These unprogressive and self-serving political antics that are sometimes most revolting and cantankerous to the extreme, have become most intolerable to the larger Nigerian body-politic. No sensible Nigerians anymore, including the Igbos, shall take over or hijack anybody’s trouble or fight for any misguided group this time around when it starts. Ndi’Yoruba and ndi’Hausa-Fulani that dominate the Presidency and the National Assembly today are frighteningly flexing their muscles and getting ready, wrongly, once more for the forthcoming 2003 elections! Already there are threats of fire and brimstone from the usual quarters as onlookers try to take sides. The Yorubas and the Hausa-Fulani must re-examine their roles and actions in the Nigerian state vis-a-vis other ethnic groups in order to enable our country survive; so that all the component ethnic parts can fully participate and equitably share in all her socioeconomic resources.
As at now, the opposite is the case as the dark clouds gather and nucleate here and there. Since General Aguiyi Ironsi and Colonel Adekunle Fajuyi were cowardly murdered in cold blood in 1966 in western Nigeria and the civil war eventually occurred and ended, the Yorubas and the Hausa-Fulani seem to have acted out a plan of how to rule Nigeria permanently among themselves. The Yorubas are a great and knowledgeable people, many Nigerians including some Yorubas themselves do not understand fully the innate powers of this ethnic group that can make or unmake Nigeria or any other ethnic group at her own discretion. The Yorubas are a very courageous and intelligent lot! One has been most fortunate to have studied and worked with many Yorubas within and outside this country as well as in Biafra during the war. One has a great and lively admiration for them.
Majority of the Yorubas believe fanatically in their so-called ‘ethnic autonomy’ and have consistently called for it since Awolowoistic times. Some funny people unabashedly exclaim that a typical Yoruba man is a coward. This is an arrant nonsensical talk by people who do not know the Yoruba! Such ignoramuses do not know Chief Obafemi Awolowo, Col. Adekunle Fajuyi, Fela Ransom-Kuti or his great mother both of blessed memory, Professor Wole Soyinka, Brig. Adekunle, Major Ademoyega, Major Adeleke who commissioned people like my humble self and many other young men and women as officers into the Biafra Army, Gen. Akinrinade, etc. Bashorun M. K. O. Abiola, Mrs. Abiola and Colonel Fajuyi paid the supreme sacrifice for what they believed in. One wonders how many other Nigerians can compare themselves in courage and bravery with these heroes.
These brave people and many of their brothers and sisters have made history in the destiny of Nigeria and must not be ignored.
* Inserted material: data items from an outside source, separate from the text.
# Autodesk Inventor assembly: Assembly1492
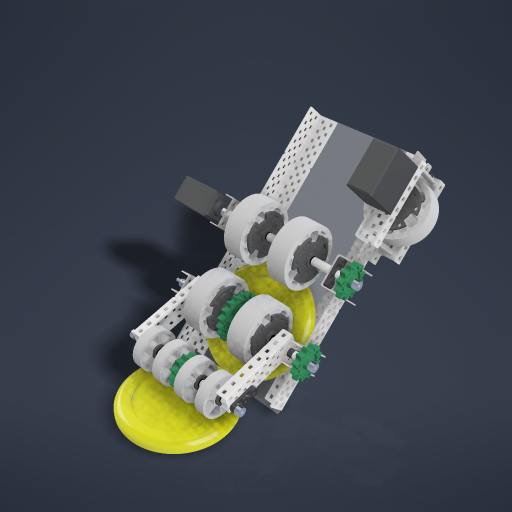
[picture p0: Inventor's stored thumbnail of the model, 512x512]
Saved by Autodesk Inventor 2023 (Build 270158000, 158)
## iProperties
Created: 2023-01-23
Part Number: Assembly1492
Document SubType Name: Assembly
Designer: Windows Macbook
Author: Windows Macbook
## Documents named in this file (45)
- C:\Users\Windows Macbook\Desktop\Inventor\shoot.iam
- C:\Users\Windows Macbook\Documents\Inventor\Content Center Files\VEX-CAD-Inventor-1.4.0\Structure\Plate\Aluminum\Alu Plate 25x25.iam
- C:\Users\Windows Macbook\Documents\Inventor\Content Center Files\VEX-CAD-Inventor-1.4.0\Miscellaneous\Sizing Tool\VRC High School.ipt
- C:\Users\Windows Macbook\Documents\Inventor\Content Center Files\VEX-CAD-Inventor-1.4.0\Miscellaneous\Sizing Tool.ipt
- C:\Users\Windows Macbook\Documents\Inventor\Content Center Files\polycarb10x6.ipt
- C:\Users\Windows Macbook\Documents\Inventor\Content Center Files\276-7500-001 Web.ipt
- C:\Users\Windows Macbook\Documents\Inventor\Content Center Files\VEX-CAD-Inventor-1.4.0\Motion\Wheels\Flex Wheels\2.000 Flex Wheel\2.000 30A .500.ipt
- C:\Users\Windows Macbook\Documents\Inventor\Content Center Files\VEX-CAD-Inventor-1.4.0\Motion\Wheels\Flex Wheels\2.000 Flex Wheel.ipt
- C:\Users\Windows Macbook\Documents\Inventor\Content Center Files\VEX-CAD-Inventor-1.4.0\Motion\Wheels\Flex Wheels\3.000 Flex Wheel\3.000 30A 1.000.ipt
- C:\Users\Windows Macbook\Documents\Inventor\Content Center Files\VEX-CAD-Inventor-1.4.0\Motion\Wheels\Flex Wheels\3.000 Flex Wheel.ipt
- C:\Users\Windows Macbook\Documents\Inventor\Content Center Files\VEX-CAD-Inventor-1.4.0\Structure\C Channel\Aluminum 1x3x1\Alu C 1x3x1x5.ipt
- C:\Users\Windows Macbook\Documents\Inventor\Content Center Files\VEX-CAD-Inventor-1.4.0\Motion\Spacers\Spacer Nylon .313 OD\NSpacer .313 OD x .125.ipt
- C:\Users\Windows Macbook\Documents\Inventor\Content Center Files\VEX-CAD-Inventor-1.4.0\Motion\Spacers\Spacer Nylon .313 OD.ipt
- C:\Users\Windows Macbook\Documents\Inventor\Content Center Files\VEX-CAD-Inventor-1.4.0\Motion\Shaft LS\Shaft Collar Metal.ipt
- C:\Users\Windows Macbook\Documents\Inventor\Content Center Files\VEX-CAD-Inventor-1.4.0\Motion\Wheels\Flex Wheels\VersaHex Adapters .250.ipt
- C:\Users\Windows Macbook\Documents\Inventor\Content Center Files\VEX-CAD-Inventor-1.4.0\Motion\Wheels\Flex Wheels\VersaHub.ipt
- C:\Users\Windows Macbook\Documents\Inventor\Content Center Files\VEX-CAD-Inventor-1.4.0\Motion\Shaft LS\Shaft LS.ipt
- C:\Users\Windows Macbook\Documents\Inventor\Content Center Files\VEX-CAD-Inventor-1.4.0\Motion\Insert Square.ipt
- C:\Users\Windows Macbook\Documents\Inventor\Content Center Files\VEX-CAD-Inventor-1.4.0\Motion\Shaft LS\Bearing Flat.ipt
- C:\Users\Windows Macbook\Documents\Inventor\Content Center Files\VEX-CAD-Inventor-1.4.0\Structure\C Channel\Aluminum 1x2x1\Alu C 1x2x1x8.ipt
- C:\Users\Windows Macbook\Documents\Inventor\Content Center Files\VEX-CAD-Inventor-1.4.0\Motion\Spacers\Spacer Nylon .313 OD\NSpacer .313 OD x .250.ipt
- C:\Users\Windows Macbook\Documents\Inventor\Content Center Files\VEX-CAD-Inventor-1.4.0\Structure\C Channel\Aluminum 1x3x1\Alu C 1x3x1x5_MIR.ipt
- C:\Users\Windows Macbook\Documents\Inventor\Content Center Files\VEX-CAD-Inventor-1.4.0\Motion\Shaft LS\Shaft Collar Metal_MIR2.ipt
- C:\Users\Windows Macbook\Documents\Inventor\Content Center Files\VEX-CAD-Inventor-1.4.0\Motion\Shaft LS\Bearing Flat_MIR2.ipt
- C:\Users\Windows Macbook\Documents\Inventor\Content Center Files\VEX-CAD-Inventor-1.4.0\Structure\C Channel\Aluminum 1x2x1\Alu C 1x2x1x8_MIR2.ipt
- C:\Users\Windows Macbook\Documents\Inventor\Content Center Files\VEX-CAD-Inventor-1.4.0\Motion\Sprockets\9P Sprocket\9P 12T Sprocket, Square.iam
- C:\Users\Windows Macbook\Documents\Inventor\Content Center Files\VEX-CAD-Inventor-1.4.0\Motion\Sprockets\9P Sprocket.iam
- C:\Users\Windows Macbook\Documents\Inventor\Content Center Files\VEX-CAD-Inventor-1.4.0\Motion\Sprockets\9P Sprocket\9P 18T Sprocket, Square.iam
- C:\Users\Windows Macbook\Documents\Inventor\Content Center Files\VEX-CAD-Inventor-1.4.0\Structure\C Channel\Aluminum 1x2x1\Alu C 1x2x1x5.ipt
- C:\Users\Windows Macbook\Documents\Inventor\Content Center Files\VEX-CAD-Inventor-1.4.0\Motion\Spacers\Spacer Nylon .313 OD\NSpacer .313 OD x .500.ipt
- C:\Users\Windows Macbook\Documents\Inventor\Content Center Files\VEX-CAD-Inventor-1.4.0\Motion\Spacers\Spacer Nylon .313 OD\NSpacer .313 OD x .375.ipt
- C:\Users\Windows Macbook\Documents\Inventor\Content Center Files\VEX-CAD-Inventor-1.4.0\Structure\Angle\Aluminum\2x2\Alu Angle 2x2x2.ipt
- C:\Users\Windows Macbook\Documents\Inventor\Content Center Files\VEX-CAD-Inventor-1.4.0\Structure\C Channel\Aluminum 1x2x1\Alu C 1x2x1x10.ipt
- C:\Users\Windows Macbook\Documents\Inventor\Content Center Files\VEX-CAD-Inventor-1.4.0\Structure\Standoff\Standoff 1.50.ipt
- C:\Users\Windows Macbook\Documents\Inventor\Content Center Files\VEX-CAD-Inventor-1.4.0\Structure\Standoff.ipt
- C:\Users\Windows Macbook\Documents\Inventor\Content Center Files\VEX-CAD-Inventor-1.4.0\Motion\Spacers\Washer Teflon.ipt
- C:\Users\Windows Macbook\Documents\Inventor\Content Center Files\VEX-CAD-Inventor-1.4.0\Electronics\V5 Simple Motor.ipt
- C:\Users\Windows Macbook\Documents\Inventor\Content Center Files\VEX-CAD-Inventor-1.4.0\Motion\Shaft LS\Shaft LS\Shaft LS 4.0.ipt
- C:\Users\Windows Macbook\Documents\Inventor\Content Center Files\VEX-CAD-Inventor-1.4.0\Motion\Spacers\Washer Teflon\TWasher .375 OD x .06250.ipt
- C:\Users\Windows Macbook\Documents\Inventor\Content Center Files\VEX-CAD-Inventor-1.4.0\Motion\Spacers\Washer Teflon\TWasher .375 OD x .03125.ipt
- C:\Users\Windows Macbook\Documents\Inventor\Content Center Files\VEX-CAD-Inventor-1.4.0\Motion\Shaft LS\Shaft LS\Shaft LS 8.0.ipt
- C:\Users\Windows Macbook\Documents\Inventor\Content Center Files\VEX-CAD-Inventor-1.4.0\Motion\Shaft LS\Shaft LS\Shaft LS 8.5.ipt
- C:\Users\Windows Macbook\Documents\Inventor\Content Center Files\VEX-CAD-Inventor-1.4.0\Motion\Shaft LS\Shaft LS\Shaft LS 7.0.ipt
- C:\Users\Windows Macbook\Documents\Inventor\Content Center Files\VEX-CAD-Inventor-1.4.0\Structure\Angle\Aluminum\2x2\Alu Angle 2x2x25.ipt
- C:\Users\Windows Macbook\Documents\Inventor\Content Center Files\VEX-CAD-Inventor-1.4.0\Structure\Angle\Aluminum\2x2\Alu Angle 2x2x17.ipt
## Components (137 placed, 36 different names)
1. Alu Plate 25x25:1 [sub-assembly] — Mate:1, Mate:2, Mate:6
2. VRC High School:1 — Mate:1
3. polycarb10x6:1 — Mate:2, Mate:139, Mate:184, Mate:185, Mate:186, Mate:187, Mate:191
4. 276-7500-001 Web:1 — Mate:6
5. 2.000 30A .500:1 — Mate:25, Mate:26, Mate:27, Mate:28, Mate:29, Mate:30, Mate:43
6. 3.000 30A 1.000:2 — Insert:6, Insert:7, Insert:8, Insert:9
7. NSpacer .313 OD x .125:1 — Insert:26, Insert:70
8. VersaHex Adapters .250:1 — Mate:7, Mate:8, Mate:9, Mate:16, Mate:17, Mate:18
9. VersaHub:1 — Mate:16, Mate:17, Mate:18, Insert:6, Insert:7
10. Insert Square:1 — Mate:7, Mate:8, Mate:9, Insert:348
11. VersaHex Adapters .250:2 — Mate:27, Mate:28, Mate:29
12. Insert Square:2 — Insert:83
13. VersaHex Adapters .250:3 — Mate:25, Mate:26, Mate:30, Mate:43
14. Insert Square:3 — Insert:35
15. VersaHex Adapters .250:4
16. VersaHub:2 — Insert:8, Insert:9
17. Insert Square:4 — Insert:424
18. 3.000 30A 1.000:3
19. VersaHex Adapters .250:5
20. VersaHub:3
21. Insert Square:5 — Insert:67
22. VersaHex Adapters .250:6
23. VersaHub:4
24. Insert Square:6 — Mate:142
25. Bearing Flat:1 — Insert:71, Insert:72, Insert:355
26. Bearing Flat:2 — Insert:19, Insert:24, Insert:25
27. Shaft Collar Metal:2 — Insert:19, Flush:19, Cylindrical:14
28. Alu C 1x3x1x5:2 — Insert:31, Insert:32, Insert:101, Insert:425, Insert:426
29. Alu C 1x2x1x8:1 — Insert:24, Insert:25, Insert:26, Insert:34, Insert:88
30. Bearing Flat:3 — Insert:31, Insert:32, Insert:362
31. NSpacer .313 OD x .250:2 — Insert:33, Insert:34
32. NSpacer .313 OD x .250:3 — Insert:33, Insert:35
33. NSpacer .313 OD x .125:4 — Insert:45, Insert:76
34. Bearing Flat_MIR2:1 — Insert:77, Insert:78, Insert:357
35. Bearing Flat_MIR2:2 — Insert:46, Insert:47, Insert:359
36. Alu C 1x3x1x5_MIR:2 — Insert:97, Insert:226, Insert:227, Insert:346, Insert:429, Insert:430
37. Alu C 1x2x1x8_MIR2:1 — Insert:45, Insert:46, Insert:47, Insert:51, Insert:86
38. NSpacer .313 OD x .250:5 — Insert:51, Insert:52
39. NSpacer .313 OD x .250:6 — Insert:52, Insert:53
40. 2.000 30A .500:2
41. VersaHex Adapters .250:7
42. Insert Square:7 — Mate:141, Insert:433
43. VersaHex Adapters .250:8
44. Insert Square:8 — Insert:354
45. 2.000 30A .500:4
46. VersaHex Adapters .250:11
47. Insert Square:11 — Insert:53
48. VersaHex Adapters .250:12
49. Insert Square:12 — Insert:82
50. 2.000 30A .500:5
51. VersaHex Adapters .250:13
52. Insert Square:13 — Insert:353
53. VersaHex Adapters .250:14
54. Insert Square:14 — Mate:140, Insert:434
55. 3.000 30A 1.000:4
56. VersaHex Adapters .250:15
57. VersaHub:5
58. Insert Square:15 — Insert:102
59. VersaHex Adapters .250:16
60. VersaHub:6
61. Insert Square:16 — Insert:349
62. Shaft Collar Metal_MIR2:4 — Insert:357, Flush:18, Cylindrical:13
63. Shaft Collar Metal_MIR2:5 — Insert:359, Cylindrical:16
64. 3.000 30A 1.000:5
65. VersaHex Adapters .250:17
66. VersaHub:7
67. Insert Square:17
68. VersaHex Adapters .250:18
69. VersaHub:8
70. Insert Square:18 — Insert:66
71. 9P 18T Sprocket, Square:3 [sub-assembly] — Insert:68, Insert:69
72. NSpacer .313 OD x .250:7 — Insert:67, Insert:69, Insert:223
73. NSpacer .313 OD x .250:8 — Insert:66, Insert:68, Insert:224
74. 276-7500-001 Web:2 — Mate:139
75. Alu C 1x2x1x5:1 — Insert:70, Insert:71, Insert:72, Insert:427, Insert:428
76. Alu C 1x2x1x5:2 — Insert:76, Insert:77, Insert:78, Insert:431, Insert:432
77. NSpacer .313 OD x .500:9 — Insert:83, Mate:140, Insert:434
78. NSpacer .313 OD x .500:10 — Insert:82, Mate:141, Insert:433
79. NSpacer .313 OD x .375:12 — Insert:85, Insert:86
80. NSpacer .313 OD x .375:13 — Insert:85
81. NSpacer .313 OD x .375:14 — Insert:87, Insert:88
82. NSpacer .313 OD x .375:15 — Insert:87, Mate:142
83. NSpacer .313 OD x .375:18 — Insert:93, Insert:97
84. NSpacer .313 OD x .375:19 — Insert:93, Insert:99
85. NSpacer .313 OD x .375:21 — Insert:101
86. NSpacer .313 OD x .375:22 — Insert:100
87. NSpacer .313 OD x .250:24 — Insert:99, Insert:102
88. NSpacer .313 OD x .250:25 — Insert:100, Insert:424
89. 3.000 30A 1.000:7
90. VersaHex Adapters .250:19
91. VersaHub:9
92. Insert Square:19 — Insert:395
93. VersaHex Adapters .250:20
94. VersaHub:10
95. Insert Square:20 — Mate:188, Mate:190, Insert:393
96. Standoff 1.50:2 — Insert:400, Insert:401
97. V5 Simple Motor:1
98. Shaft LS 4.0:4 — Flush:8, Cylindrical:7, Mate:188, Mate:190
99. Bearing Flat:4 — Insert:210
100. Shaft Collar Metal:4 — Insert:210, Flush:8, Cylindrical:7
101. Shaft Collar Metal:5
102. TWasher .375 OD x .06250:9 — Insert:224
103. TWasher .375 OD x .06250:10 — Insert:223
104. V5 Simple Motor:2 — Insert:226, Insert:227
105. NSpacer .313 OD x .250:33 — Insert:417, Insert:418
106. Shaft Collar Metal:7 — Insert:346
107. Shaft LS 8.5:8 — Flush:18, Cylindrical:13
108. NSpacer .313 OD x .500:43 — Insert:348
109. NSpacer .313 OD x .500:44 — Insert:349, Insert:350
110. NSpacer .313 OD x .125:45 — Insert:350
111. 9P 12T Sprocket, Square:4 [sub-assembly] — Insert:352
112. TWasher .375 OD x .03125:17 — Insert:352, Insert:353
113. TWasher .375 OD x .03125:18 — Insert:354
114. 9P 12T Sprocket, Square:5 [sub-assembly] — Insert:356, Insert:358
115. NSpacer .313 OD x .375:47 — Insert:355, Insert:356
116. Shaft Collar Metal:9 — Insert:358
117. Shaft LS 7.0:10 — Flush:19, Cylindrical:14, Cylindrical:16
118. 9P 12T Sprocket, Square:6 [sub-assembly] — Insert:363
119. Shaft Collar Metal:10 — Flush:20, Cylindrical:15
120. NSpacer .313 OD x .375:48 — Insert:362, Insert:363
121. Shaft LS 8.0:11 — Flush:20, Cylindrical:15
122. Standoff 1.50:5 — Insert:397, Insert:398
123. NSpacer .313 OD x .250:49 — Insert:391, Insert:415
124. NSpacer .313 OD x .250:50 — Insert:390, Insert:414
125. NSpacer .313 OD x .250:51 — Insert:416, Insert:419
126. Alu Angle 2x2x25:2 — Mate:184, Mate:185, Flush:21, Mate:191, Insert:429, Insert:430, Insert:431, Insert:432
127. Alu Angle 2x2x17:1 — Mate:186, Mate:187, Flush:21, Insert:390, Insert:391, Insert:425, Insert:426, Insert:427, Insert:428
128. NSpacer .313 OD x .125:52 — Insert:393
129. NSpacer .313 OD x .125:53 — Insert:395
130. NSpacer .313 OD x .125:54 — Insert:401, Insert:421
131. NSpacer .313 OD x .125:55 — Insert:397, Insert:420
132. NSpacer .313 OD x .125:56 — Insert:400, Insert:423
133. NSpacer .313 OD x .125:57 — Insert:398, Insert:422
134. Alu Angle 2x2x2:1 — Insert:418, Insert:419
135. Alu C 1x2x1x8:2 — Insert:420, Insert:421
136. Alu C 1x2x1x8:3 — Insert:412, Insert:413, Insert:422, Insert:423
137. Alu C 1x2x1x10:4 — Insert:412, Insert:413, Insert:414, Insert:415, Insert:416, Insert:417
## Relationships (245: Mate 126, Insert 109, Flush 5, CylindricalJoint 5)
- Mate:1: Alu Plate 25x25:1 ↔ VRC High School:1
- Mate:2: Alu Plate 25x25:1 ↔ polycarb10x6:1
- Mate:6: Alu Plate 25x25:1 ↔ 276-7500-001 Web:1
- Mate:7: VersaHex Adapters .250:1 ↔ Insert Square:1
- Mate:8: VersaHex Adapters .250:1 ↔ Insert Square:1
- Mate:9: VersaHex Adapters .250:1 ↔ Insert Square:1
- [Mate]: VersaHex Adapters .250:2 ↔ Insert Square:2
- [Mate]: VersaHex Adapters .250:2 ↔ Insert Square:2
- [Mate]: VersaHex Adapters .250:2 ↔ Insert Square:2
- [Mate]: VersaHex Adapters .250:3 ↔ Insert Square:3
- [Mate]: VersaHex Adapters .250:3 ↔ Insert Square:3
- [Mate]: VersaHex Adapters .250:3 ↔ Insert Square:3
- Mate:16: VersaHex Adapters .250:1 ↔ VersaHub:1
- Mate:17: VersaHex Adapters .250:1 ↔ VersaHub:1
- Mate:18: VersaHex Adapters .250:1 ↔ VersaHub:1
- [Mate]: VersaHex Adapters .250:4 ↔ Insert Square:4
- [Mate]: VersaHex Adapters .250:4 ↔ Insert Square:4
- [Mate]: VersaHex Adapters .250:4 ↔ Insert Square:4
- [Mate]: VersaHex Adapters .250:4 ↔ VersaHub:2
- [Mate]: VersaHex Adapters .250:4 ↔ VersaHub:2
- [Mate]: VersaHex Adapters .250:4 ↔ VersaHub:2
- Insert:6: 3.000 30A 1.000:2 ↔ VersaHub:1
- Insert:7: 3.000 30A 1.000:2 ↔ VersaHub:1
- Insert:8: 3.000 30A 1.000:2 ↔ VersaHub:2
- Insert:9: 3.000 30A 1.000:2 ↔ VersaHub:2
- Mate:25 (-1.6002 mm): 2.000 30A .500:1 ↔ VersaHex Adapters .250:3
- Mate:26 (-1.6002 mm): 2.000 30A .500:1 ↔ VersaHex Adapters .250:3
- Mate:27 (-1.6002 mm): 2.000 30A .500:1 ↔ VersaHex Adapters .250:2
- Mate:28 (-1.6002 mm): 2.000 30A .500:1 ↔ VersaHex Adapters .250:2
- Mate:29: 2.000 30A .500:1 ↔ VersaHex Adapters .250:2
- Mate:30: 2.000 30A .500:1 ↔ VersaHex Adapters .250:3
- [Mate]: VersaHex Adapters .250:5 ↔ Insert Square:5
- [Mate]: VersaHex Adapters .250:5 ↔ Insert Square:5
- [Mate]: VersaHex Adapters .250:5 ↔ Insert Square:5
- [Mate]: VersaHex Adapters .250:5 ↔ VersaHub:3
- [Mate]: VersaHex Adapters .250:5 ↔ VersaHub:3
- [Mate]: VersaHex Adapters .250:5 ↔ VersaHub:3
- [Mate]: VersaHex Adapters .250:6 ↔ Insert Square:6
- [Mate]: VersaHex Adapters .250:6 ↔ Insert Square:6
- [Mate]: VersaHex Adapters .250:6 ↔ Insert Square:6
- [Mate]: VersaHex Adapters .250:6 ↔ VersaHub:4
- [Mate]: VersaHex Adapters .250:6 ↔ VersaHub:4
- [Mate]: VersaHex Adapters .250:6 ↔ VersaHub:4
- [Insert]: 3.000 30A 1.000:3 ↔ VersaHub:3
- [Insert]: 3.000 30A 1.000:3 ↔ VersaHub:3
- [Insert]: 3.000 30A 1.000:3 ↔ VersaHub:4
- [Insert]: 3.000 30A 1.000:3 ↔ VersaHub:4
- Insert:19: Bearing Flat:2 ↔ Shaft Collar Metal:2
- Mate:43: 2.000 30A .500:1 ↔ VersaHex Adapters .250:3
- Insert:24: Bearing Flat:2 ↔ Alu C 1x2x1x8:1
- Insert:25: Bearing Flat:2 ↔ Alu C 1x2x1x8:1
- Insert:26: NSpacer .313 OD x .125:1 ↔ Alu C 1x2x1x8:1
- Insert:31: Alu C 1x3x1x5:2 ↔ Bearing Flat:3
- Insert:32: Alu C 1x3x1x5:2 ↔ Bearing Flat:3
- Insert:33: NSpacer .313 OD x .250:2 ↔ NSpacer .313 OD x .250:3
- Insert:34: Alu C 1x2x1x8:1 ↔ NSpacer .313 OD x .250:2
- Insert:35: Insert Square:3 ↔ NSpacer .313 OD x .250:3
- Insert:45: NSpacer .313 OD x .125:4 ↔ Alu C 1x2x1x8_MIR2:1
- Insert:46: Bearing Flat_MIR2:2 ↔ Alu C 1x2x1x8_MIR2:1
- Insert:47: Bearing Flat_MIR2:2 ↔ Alu C 1x2x1x8_MIR2:1
- Insert:51: Alu C 1x2x1x8_MIR2:1 ↔ NSpacer .313 OD x .250:5
- Insert:52: NSpacer .313 OD x .250:5 ↔ NSpacer .313 OD x .250:6
- [Mate]: VersaHex Adapters .250:7 ↔ Insert Square:7
- [Mate]: VersaHex Adapters .250:7 ↔ Insert Square:7
- [Mate]: VersaHex Adapters .250:7 ↔ Insert Square:7
- [Mate]: VersaHex Adapters .250:8 ↔ Insert Square:8
- [Mate]: VersaHex Adapters .250:8 ↔ Insert Square:8
- [Mate]: VersaHex Adapters .250:8 ↔ Insert Square:8
- [Mate] (-1.6002 mm): 2.000 30A .500:2 ↔ VersaHex Adapters .250:8
- [Mate] (-1.6002 mm): 2.000 30A .500:2 ↔ VersaHex Adapters .250:8
- [Mate] (-1.6002 mm): 2.000 30A .500:2 ↔ VersaHex Adapters .250:7
- [Mate] (-1.6002 mm): 2.000 30A .500:2 ↔ VersaHex Adapters .250:7
- [Mate]: 2.000 30A .500:2 ↔ VersaHex Adapters .250:7
- [Mate]: 2.000 30A .500:2 ↔ VersaHex Adapters .250:8
- [Mate]: 2.000 30A .500:2 ↔ VersaHex Adapters .250:8
- [Mate]: VersaHex Adapters .250:11 ↔ Insert Square:11
- [Mate]: VersaHex Adapters .250:11 ↔ Insert Square:11
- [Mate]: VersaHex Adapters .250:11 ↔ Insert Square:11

What of the indomitable western press that told off governments and did suffer for their bravery? When Chief Abiola was denied his June 12 victory, the Yorubas kept Nigeria on her tenterhooks until they took over. They organised themselves most cleverly, propelled NADECO to great heights, mobilized their vicious western press, formed and pushed the OPC, etc. and held us to ransom until they achieved victory they are now enjoying.
But the Yoruba must not overdo it against other people’s interest as they are trying to pursue. They must learn to work with and for other Nigerians for the benefit of all, otherwise what happened during the Biafra experience may become their lot although one is not a prophet of doom. Ndi’Yoruba should listen to the cries of other Nigerians and help them out of their quagmires. The people of the deprived zones of Southeast, South south and North central are extremely marginalised.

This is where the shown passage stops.